弾性層31bを構成する弾性材料の中でも、耐オゾン性、柔軟性、粒子との接着性、難燃性付与、耐環境安定性などの観点から、アクリルゴムが最も好ましい。アクリルゴムは一般的に市販されているものでよく、特定の製品に限定されるものではない。しかし、アクリルゴムの各種架橋系(エポキシ基、活性塩素基、カルボキシル基)の中ではカルボキシル基架橋系のものがゴム物性(特に圧縮永久歪み)及び加工性の点で優れているので、カルボキシル基架橋系のものを選択することが好ましい。カルボキシル基架橋系のアクリルゴムに用いられる架橋剤としては、アミン化合物が好ましく、多価アミン化合物が最も好ましい。このようなアミン化合物として、具体的には脂肪族多価アミン架橋剤、芳香族多価アミン架橋剤などを例示することができる。更に、脂肪族多価アミン架橋剤としては、ヘキサメチレンジアミン、ヘキサメチレンジアミンカーバメイト、N,N’−ジシンナミリデン−1,6−ヘキサンジアミンなどを例示することができる。また、芳香族多価アミン架橋剤としては、4,4’−メチレンジアニリン、m−フェニレンジアミン、4,4’−ジアミノジフェニルエーテル、3,4’−ジアミノジフェニルエーテル、4,4’−(m−フェニレンジイソプロピリデン)ジアニリン等が挙げられる。4,4’−(p−フェニレンジイソプロピリデン)ジアニリン、2,2’−ビス〔4−(4−アミノフェノキシ)フェニル〕プロパン、4,4’−ジアミノベンズアニリド等でもよい。更には、4,4’−ビス(4−アミノフェノキシ)ビフェニル、m−キシリレンジアミン、p−キシリレンジアミン、1,3,5−ベンゼントリアミン、1,3,5−ベンゼントリアミノメチル等でもよい。
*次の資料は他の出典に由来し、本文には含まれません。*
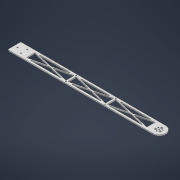
# Autodesk Inventor part: Top_Arm
Saved by Autodesk Inventor 2022 (Build 260153000, 153)
## iProperties
Created: 2023-02-15
Part Number: Top_Arm
Material: Generic
Document SubType Name: Modeling
Designer: dzw04
Density: 1 g/cm^3
Appearance: Default
Author: dzw04
Autodesk Inventor part; units mm, degrees
ref_plane "YZ Plane" through (0, 0, 0) normal (1, 0, 0) x (0, 1, 0)
ref_plane "XZ Plane" through (0, 0, 0) normal (0, 1, 0) x (-1, 0, 0)
ref_plane "XY Plane" through (0, 0, 0) normal (0, 0, 1) x (1, 0, 0)
sketch "Sketch1" plane through (0, 0, 0) normal (0, 1, 0) x (-1, 0, 0)
  arc A0 (74.0881, -0.9737) -> (74.0881, 0.9737) centre (73.8602, 0) ccw
  line L0 (74.0881, 0.9737) -> (26.2278, 12.1722)
  arc A1 (26.2278, 12.1722) -> (25, 11.1985) centre (26, 11.1985) ccw
  line L1 (25, 11.1985) -> (25, -11.1985)
  arc A2 (25, -11.1985) -> (26.2278, -12.1722) centre (26, -11.1985) ccw
  line L2 (26.2278, -12.1722) -> (74.0881, -0.9737)
  circle A3 centre (410, -10) radius 1.5
  line L3 (250.0605, -12.029) -> (212.2835, -2.7232)
  arc A4 (212.2835, -2.7232) -> (202.7161, -2.7232) centre (207.4998, -22.1427) ccw
  line L4 (202.7161, -2.7232) -> (164.9392, -12.029)
  arc A5 (164.9392, -12.029) -> (165.1783, -14) centre (165.1783, -13) ccw
  line L5 (165.1783, -14) -> (249.8213, -14)
  arc A6 (249.8213, -14) -> (250.0605, -12.029) centre (249.8213, -13) ccw
  line L6 (212.2835, 2.7232) -> (250.0605, 12.029)
  arc A7 (250.0605, 12.029) -> (249.8213, 14) centre (249.8213, 13) ccw
  line L7 (249.8213, 14) -> (165.1783, 14)
  arc A8 (165.1783, 14) -> (164.9392, 12.029) centre (165.1783, 13) ccw
  line L8 (164.9392, 12.029) -> (202.7161, 2.7232)
  arc A9 (202.7161, 2.7232) -> (212.2835, 2.7232) centre (207.4998, 22.1427) ccw
  circle A10 centre (6.4952, -3.75) radius 1.5
  line L9 (80.2767, -2.6067) -> (40.0191, -12.0263)
  arc A11 (40.0191, -12.0263) -> (40.2469, -14) centre (40.2469, -13) ccw
  line L10 (40.2469, -14) -> (129.4198, -14)
  arc A12 (129.4198, -14) -> (129.6476, -12.0263) centre (129.4198, -13) ccw
  line L11 (129.6476, -12.0263) -> (89.3899, -2.6067)
  arc A13 (89.3899, -2.6067) -> (80.2767, -2.6067) centre (84.8333, -22.0807) ccw
  line L12 (374.9809, -12.0263) -> (334.7231, -2.6067)
  arc A14 (334.7231, -2.6067) -> (325.6099, -2.6067) centre (330.1665, -22.0807) ccw
  line L13 (325.6099, -2.6067) -> (285.3521, -12.0263)
  arc A15 (285.3521, -12.0263) -> (285.58, -14) centre (285.58, -13) ccw
  line L14 (285.58, -14) -> (374.753, -14)
  arc A16 (374.753, -14) -> (374.9809, -12.0263) centre (374.753, -13) ccw
  line L15 (150.6667, 11.1789) -> (150.6667, -11.1789)
  arc A17 (150.6667, -11.1789) -> (151.9059, -12.1499) centre (151.6667, -11.1789) ccw
  line L16 (151.9059, -12.1499) -> (197.2869, -0.971)
  arc A18 (197.2869, -0.971) -> (197.2869, 0.971) centre (197.0477, 0) ccw
  line L17 (197.2869, 0.971) -> (151.9059, 12.1499)
  arc A19 (151.9059, 12.1499) -> (150.6667, 11.1789) centre (151.6667, 11.1789) ccw
  circle A20 centre (0, 0) radius 1.5
  circle A21 centre (6.4952, 3.75) radius 2.75
  line L18 (89.3899, 2.6067) -> (138.0828, 14)
  line L19 (138.0828, 14) -> (40.2469, 14)
  arc A22 (40.2469, 14) -> (40.0191, 12.0263) centre (40.2469, 13) ccw
  line L20 (40.0191, 12.0263) -> (80.2767, 2.6067)
  arc A23 (80.2767, 2.6067) -> (89.3899, 2.6067) centre (84.8333, 22.0807) ccw
  arc A24 (388.7722, -12.1722) -> (390, -11.1985) centre (389, -11.1985) ccw
  line L21 (390, -11.1985) -> (390, 11.1985)
  arc A25 (390, 11.1985) -> (388.7722, 12.1722) centre (389, 11.1985) ccw
  line L22 (388.7722, 12.1722) -> (340.9118, 0.9737)
  arc A26 (340.9118, 0.9737) -> (340.9118, -0.9737) centre (341.1396, 0) ccw
  line L23 (340.9118, -0.9737) -> (388.7722, -12.1722)
  line L24 (334.7231, 2.6067) -> (374.9809, 12.0263)
  arc A27 (374.9809, 12.0263) -> (374.753, 14) centre (374.753, 13) ccw
  line L25 (374.753, 14) -> (285.58, 14)
  arc A28 (285.58, 14) -> (285.3521, 12.0263) centre (285.58, 13) ccw
  line L26 (285.3521, 12.0263) -> (325.6099, 2.6067)
  arc A29 (325.6099, 2.6067) -> (334.7231, 2.6067) centre (330.1665, 22.0807) ccw
  circle A30 centre (430, 0) radius 1.5
  circle A31 centre (0, -7.5) radius 2.75
  circle A32 centre (0, 7.5) radius 1.5
  line L27 (144.6667, -11.1985) -> (144.6667, 11.1985)
  arc A33 (144.6667, 11.1985) -> (143.4388, 12.1722) centre (143.6667, 11.1985) ccw
  line L28 (143.4388, 12.1722) -> (95.5786, 0.9737)
  arc A34 (95.5786, 0.9737) -> (95.5786, -0.9737) centre (95.8064, 0) ccw
  line L29 (95.5786, -0.9737) -> (143.4388, -12.1722)
  arc A35 (143.4388, -12.1722) -> (144.6667, -11.1985) centre (143.6667, -11.1985) ccw
  arc A36 (264.333, 11.1789) -> (263.0938, 12.1499) centre (263.333, 11.1789) ccw
  line L30 (263.0938, 12.1499) -> (217.7128, 0.971)
  arc A37 (217.7128, 0.971) -> (217.7128, -0.971) centre (217.952, 0) ccw
  line L31 (217.7128, -0.971) -> (263.0938, -12.1499)
  arc A38 (263.0938, -12.1499) -> (264.333, -11.1789) centre (263.333, -11.1789) ccw
  line L32 (264.333, -11.1789) -> (264.333, 11.1789)
  circle A39 centre (410, 10) radius 1.5
  circle A40 centre (-6.4952, -3.75) radius 1.5
  circle A41 centre (-6.4952, 3.75) radius 2.75
  line L33 (271.5608, -12.1722) -> (319.4212, -0.9737)
  arc A42 (319.4212, -0.9737) -> (319.4212, 0.9737) centre (319.1934, 0) ccw
  line L34 (319.4212, 0.9737) -> (271.5608, 12.1722)
  arc A43 (271.5608, 12.1722) -> (270.333, 11.1985) centre (271.333, 11.1985) ccw
  line L35 (270.333, 11.1985) -> (270.333, -11.1985)
  arc A44 (270.333, -11.1985) -> (271.5608, -12.1722) centre (271.333, -11.1985) ccw
  arc A45 (440, 17.5) -> (437.5, 20) centre (437.5, 17.5) ccw
  line L36 (437.5, 20) -> (0, 20)
  arc A46 (0, 20) -> (0, -20) centre (0, 0) ccw
  line L37 (0, -20) -> (437.5, -20)
  arc A47 (437.5, -20) -> (440, -17.5) centre (437.5, -17.5) ccw
  line L38 (440, -17.5) -> (440, 17.5)
  point P0 (437.5, 20)
  point P1 (270.333, -11.1985)
  point P2 (270.333, 11.1985)
  point P3 (319.4212, 0.9737)
  point P4 (264.333, -11.1789)
  point P5 (217.7128, -0.971)
  point P6 (217.7128, 0.971)
  point P7 (263.0938, 12.1499)
  point P8 (95.5786, -0.9737)
  point P9 (325.6099, 2.6067)
  point P10 (285.3521, 12.0263)
  point P11 (374.753, 14)
  point P12 (340.9118, -0.9737)
  point P13 (388.7722, 12.1722)
  point P14 (390, 11.1985)
  point P15 (390, -11.1985)
  point P16 (80.2767, 2.6067)
  point P17 (40.0191, 12.0263)
  point P18 (197.2869, 0.971)
  point P19 (197.2869, -0.971)
  point P20 (325.6099, -2.6067)
  point P21 (334.7231, -2.6067)
  point P22 (129.6476, -12.0263)
  point P23 (164.9392, 12.029)
  point P24 (165.1783, -14)
  point P25 (202.7161, -2.7232)
  point P26 (212.2835, -2.7232)
  point P27 (74.0881, -0.9737)
  point P28 (25, 11.1985)
  point P29 (74.0881, 0.9737)
  constraints: 78 end point, 76 point on circle, 48 centre point
extrude "Extrusion1" add sketch "Sketch1" along normal blind 3
sketch "Sketch2" plane through (0, 3, 0) normal (0, 1, 0) x (1, 0, 0)
  line L0 (-144.6667, -11.1985) -> (-144.6667, 11.1985) construction
  line L1 (-144.6667, 0) -> (-150.6667, 0) construction
  line L2 (-150.6667, 11.1789) -> (-150.6667, -11.1789) construction
  line L3 (-264.333, -11.1789) -> (-264.333, 11.1789) construction
  line L4 (-264.333, 0) -> (-270.333, 0) construction
  line L5 (-270.333, 11.1985) -> (-270.333, -11.1985) construction
  line L6 (-147.6667, 0) -> (-147.6667, -15.75) construction
  line L7 (-437.5, -20) -> (0, -20) construction
  line L8 (-147.6667, 0) -> (-147.6667, 15.75) construction
  line L9 (-267.333, 0) -> (-267.333, -15.75) construction
  line L10 (-267.333, 0) -> (-267.333, 15.75) construction
  circle A0 centre (-147.6667, -15.75) radius 1.5
  circle A1 centre (-147.6667, 15.75) radius 1.5
  circle A2 centre (-267.333, -15.75) radius 1.5
  circle A3 centre (-267.333, 15.75) radius 1.5
  point P0 (0, 0)
  dimension "d2" = 15.75
  dimension "d3" = 15.75
  dimension "d4" = 15.75
  dimension "d5" = 3
  dimension "d6" = 3
  dimension "d7" = 3
  dimension "d8" = 3
  constraints: 12 end point, 6 midpoint, 4 centre point, 4 coincident, 3 vertical, 1 perpendicular
  measures "d2" distance of L6.start L6.end
  measures "d3" distance of L6.start L8.end
  measures "d4" distance of L9.start L9.end
  measures "d5" diameter of A0
  measures "d6" diameter of A1
  measures "d7" diameter of A2
  measures "d8" diameter of A3
extrude "Extrusion2" cut sketch "Sketch2" against normal blind 3
equation "\"d9\" = d5"
body "Solid1"
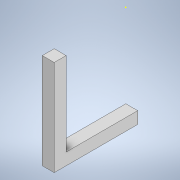
# Autodesk Inventor part: support
Saved by Autodesk Inventor 2020 (Build 240168000, 168)
## iProperties
Created: 2020-10-20
Part Number: support
Material: Generic
Document SubType Name: Modeling
Designer: maza168
Density: 1 g/cm^3
Appearance: Default
Author: maza168
Autodesk Inventor part; units mm, degrees
ref_plane "YZ Plane" through (0, 0, 0) normal (1, 0, 0) x (0, 1, 0)
ref_plane "XZ Plane" through (0, 0, 0) normal (0, 1, 0) x (-1, 0, 0)
ref_plane "XY Plane" through (0, 0, 0) normal (0, 0, 1) x (1, 0, 0)
sketch "Sketch1" plane through (0, 0, 0) normal (0, 0, 1) x (1, 0, 0)
  line L0 (0, 0) -> (20, 0)
  line L1 (20, 0) -> (20, 20)
  line L2 (20, 20) -> (0, 20)
  line L3 (0, 20) -> (0, 0)
  dimension "d0" = 20
  dimension "d1" = 20
  constraints: 8 end point, 2 parallel, 1 horizontal, 1 perpendicular
  measures "d0" distance of L0.start L0.end
  measures "d1" distance of L2.end L0.start
extrude "Extrusion1" add sketch "Sketch1" along normal blind 140
sketch "Sketch2" plane through (0, 20, 0) normal (0, 1, 0) x (1, 0, 0)
  line L0 (20, -140) -> (0, -140) projected
  line L1 (20, 0) -> (20, -140) projected
  line L2 (0, -140) -> (20, -140)
  line L3 (20, -140) -> (20, -120)
  line L4 (20, -120) -> (0, -120)
  line L5 (0, -120) -> (0, -140)
  point P0 (0, 0)
  dimension "d4" = 20
  constraints: 8 end point, 2 parallel, 1 horizontal, 1 perpendicular, 1 point on line
  measures "d4" distance of L4.end L0.end
extrude "Extrusion2" add sketch "Sketch2" along normal blind 140
sketch "Sketch3" plane through (0, 160, 0) normal (0, 1, 0) x (1, 0, 0)
  point P0 (0, 0)
body "Solid1"
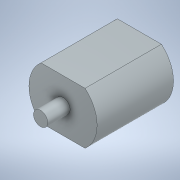
# Autodesk Inventor part: dc_motor
Saved by Autodesk Inventor 2020 (Build 240168000, 168)
## iProperties
Created: 2021-03-06
Part Number: dc_motor
Material: Generic
Document SubType Name: Modeling
Designer: Harry
Density: 1 g/cm^3
Appearance: Zinc
Author: Harry
Autodesk Inventor part; units mm, degrees
ref_plane "YZ Plane" through (0, 0, 0) normal (1, 0, 0) x (0, 1, 0)
ref_plane "XZ Plane" through (0, 0, 0) normal (0, 1, 0) x (-1, 0, 0)
ref_plane "XY Plane" through (0, 0, 0) normal (0, 0, 1) x (1, 0, 0)
sketch "Sketch1" plane through (0, 0, 0) normal (0, 0, 1) x (1, 0, 0)
  line L0 (7.7639, -9.15) -> (-7.7639, -9.15)
  line L1 (-7.7639, -9.15) -> (-7.7639, 9.15) construction
  line L2 (-7.7639, 9.15) -> (7.7639, 9.15)
  line L3 (7.7639, -9.15) -> (-7.7639, 9.15) construction
  line L4 (-7.7639, -9.15) -> (7.7639, 9.15) construction
  arc A0 (-7.7639, 9.15) -> (-7.7639, -9.15) centre (0, 0) ccw
  arc A1 (7.7639, -9.15) -> (7.7639, 9.15) centre (0, 0) ccw
  dimension "d8" = 18.3
  constraints: 10 end point, 4 point on circle, 2 centre point, 2 midpoint, 1 horizontal, 1 parallel, 1 perpendicular
  measures "d8" distance of L0.end L1.end
extrude "Extrusion1" add sketch "Sketch1" along normal blind 26.9
sketch "Sketch2" plane through (0, 0, 26.9) normal (0, 0, 1) x (1, 0, 0)
  circle A0 centre (0, 0) radius 2.5
  dimension "d4" = 5
  constraints: 1 centre point, 1 coincident
  measures "d4" diameter of A0
extrude "Extrusion2" add sketch "Sketch2" along normal blind 7.9
body "Solid1"
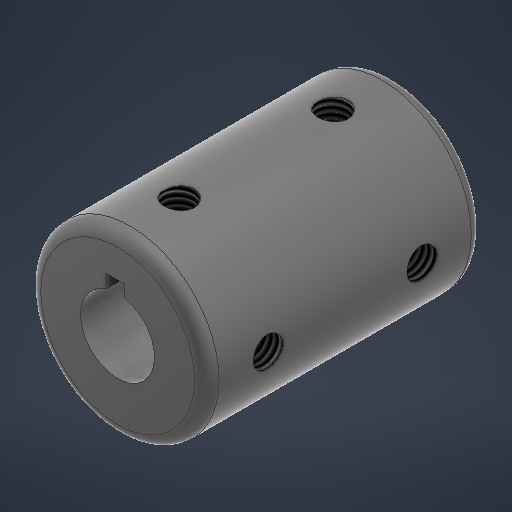
# Autodesk Inventor part: Accouplement12-12
Saved by Autodesk Inventor 2026.2 (Build 302298010, 298A)
## iProperties
Created: 2026-04-18
Part Number: Accouplement12-12
Material: Générique
Document SubType Name: Modeling
Designer: romai
Density: 1 g/cm^3
Appearance: Par défaut
Author: romai
Autodesk Inventor part; units mm, degrees
note: some values were not read from the file. Chosen so that the rebuilt part matches the saved one: direction of "Perçage1".
sketch "Esquisse1" plane through (0, 0, 0) normal (0, 0, 1) x (1, 0, 0)
  circle A0 centre (0, 0) radius 6
  circle A1 centre (0, 0) radius 14.5
  line L0 (-1.8, 7.8788) -> (1.1996, 7.8788)
  line L1 (1.1996, 7.8788) -> (1.1996, 6)
  line L2 (1.1996, 6) -> (0, 6)
  line L3 (-1.8, 5.9539) -> (-1.8, 7.8788)
  line L4 (0, 5.8848) -> (1.1996, 6) construction
  line L5 (1.1996, 7.8788) -> (0, 5.8848) construction
  line L6 (-1.8, 5.9539) -> (-1.8, 5.7236)
  line L7 (1.1996, 6) -> (1.1996, 5.8788)
  dimension "d0" = 12
  dimension "d1" = 29
  dimension "d2" = 3
  dimension "d3" = 2
  dimension "d4" = 0
  constraints: 16 end point, 3 parallel, 3 point on circle, 2 centre point, 2 coincident, 1 horizontal, 1 perpendicular, 1 tangent, 1 vertical
  measures "d0" diameter of A0
  measures "d1" diameter of A1
  measures "d2" distance of L1.end L3.start
  measures "d3" distance of L7.end L0.end
  measures "d4" horizontal distance of L4.start L2.end
extrude "Extrusion1" add sketch "Esquisse1" against normal blind 45
fillet "Congé1" radius 2 2 edges at (-14.5, 0, 0) (-14.5, 0, -45)
ref_plane "Plan de construction1" through (14.5, 0, 0) normal (1, 0, 0) x (0, 0, -1)
sketch "Esquisse2" plane through (14.5, 0, 0) normal (1, 0, 0) x (0, 0, -1)
  point P0 (0, 0)
  point P1 (10, -0.1022)
  dimension "d15" = 10
  measures "d15" horizontal distance of point (0, 0) point (10, -0.102)
hole "Perçage1" at (14.5, -0.1022, -10) direction (-1, 0, 0) diameter 4.917 end up to surface thread size "M6x1" class "6H" standard "ISO Metric profile"
ref_plane "Plan de construction2" through (0, 14.5, 0) normal (0, -1, 0) x (1, 0, 0)
sketch "Esquisse3" plane through (0, 14.5, 0) normal (0, -1, 0) x (1, 0, 0)
  point P0 (0, 0)
  point P1 (0.0163, -10)
  dimension "d23" = 10
  measures "d23" distance of point (0, 0) point (0.016, -10)
hole "Perçage2" at (0.0163, 14.5, -10) direction (0, -1, 0) diameter 4.917 end up to surface thread size "M6x1" class "6H" standard "ISO Metric profile"
ref_plane "Plan de construction3" through (0, 0, -22.5) normal (0, 0, 1) x (1, 0, 0)
mirror "Mise en miroir1" about plane through (0, 0, -22.5) normal (0, 0, 1) of "Perçage2", "Perçage1"

架橋剤の配合量の適正範囲は、アクリルゴム100重量部に対し、好ましくは0.05〜20重量部、より好ましくは0.1〜5重量部である。架橋剤の配合量が少なすぎると、架橋が十分に行われないため、架橋物の形状維持が困難になる。これに対し、含有量が多すぎると、架橋物が硬くなりすぎて、架橋ゴムとしての弾性などが損なわれる。
弾性層31bに用いるアクリルゴムには、上述した架橋剤の架橋反応を促進する狙いで、架橋促進剤を配合してもよい。架橋促進剤の種類は特に限定されるものではないが、前述した多価アミン架橋剤と組み合わせて用いることができるものであることが好ましい。このような架橋促進剤としては、グアニジン化合物、イミダゾール化合物、第四級オニウム塩、第三級ホスフィン化合物、弱酸のアルカリ金属塩などが挙げられる。グアニジン化合物としては、1,3−ジフェニルグアニジン、1,3−ジオルトトリルグアニジンなどが挙げられる。イミダゾール化合物としては、2−メチルイミダゾール、2−フェニルイミダゾールなどが挙げられる。第四級オニウム塩としては、テトラn−ブチルアンモニウムブロマイド、オクタデシルトリ―n−ブチルアンモニウムブロマイドなどが挙げられる。多価第三級アミン化合物としては、トリエチレンジアミン、1,8−ジアザ‐ビシクロ[5.4.0]ウンデセン−7(DBU)などが挙げられる。第三級ホスフィン化合物としては、トリフェニルホスフィン、トリ−p−トリルホスフィンなどが挙げられる。弱酸のアルカリ金属塩としては、ナトリウムまたはカリウムのリン酸塩、炭酸塩などの無機弱酸塩あるいはステアリン酸塩、ラウリル酸塩などの有機弱酸塩が挙げられる。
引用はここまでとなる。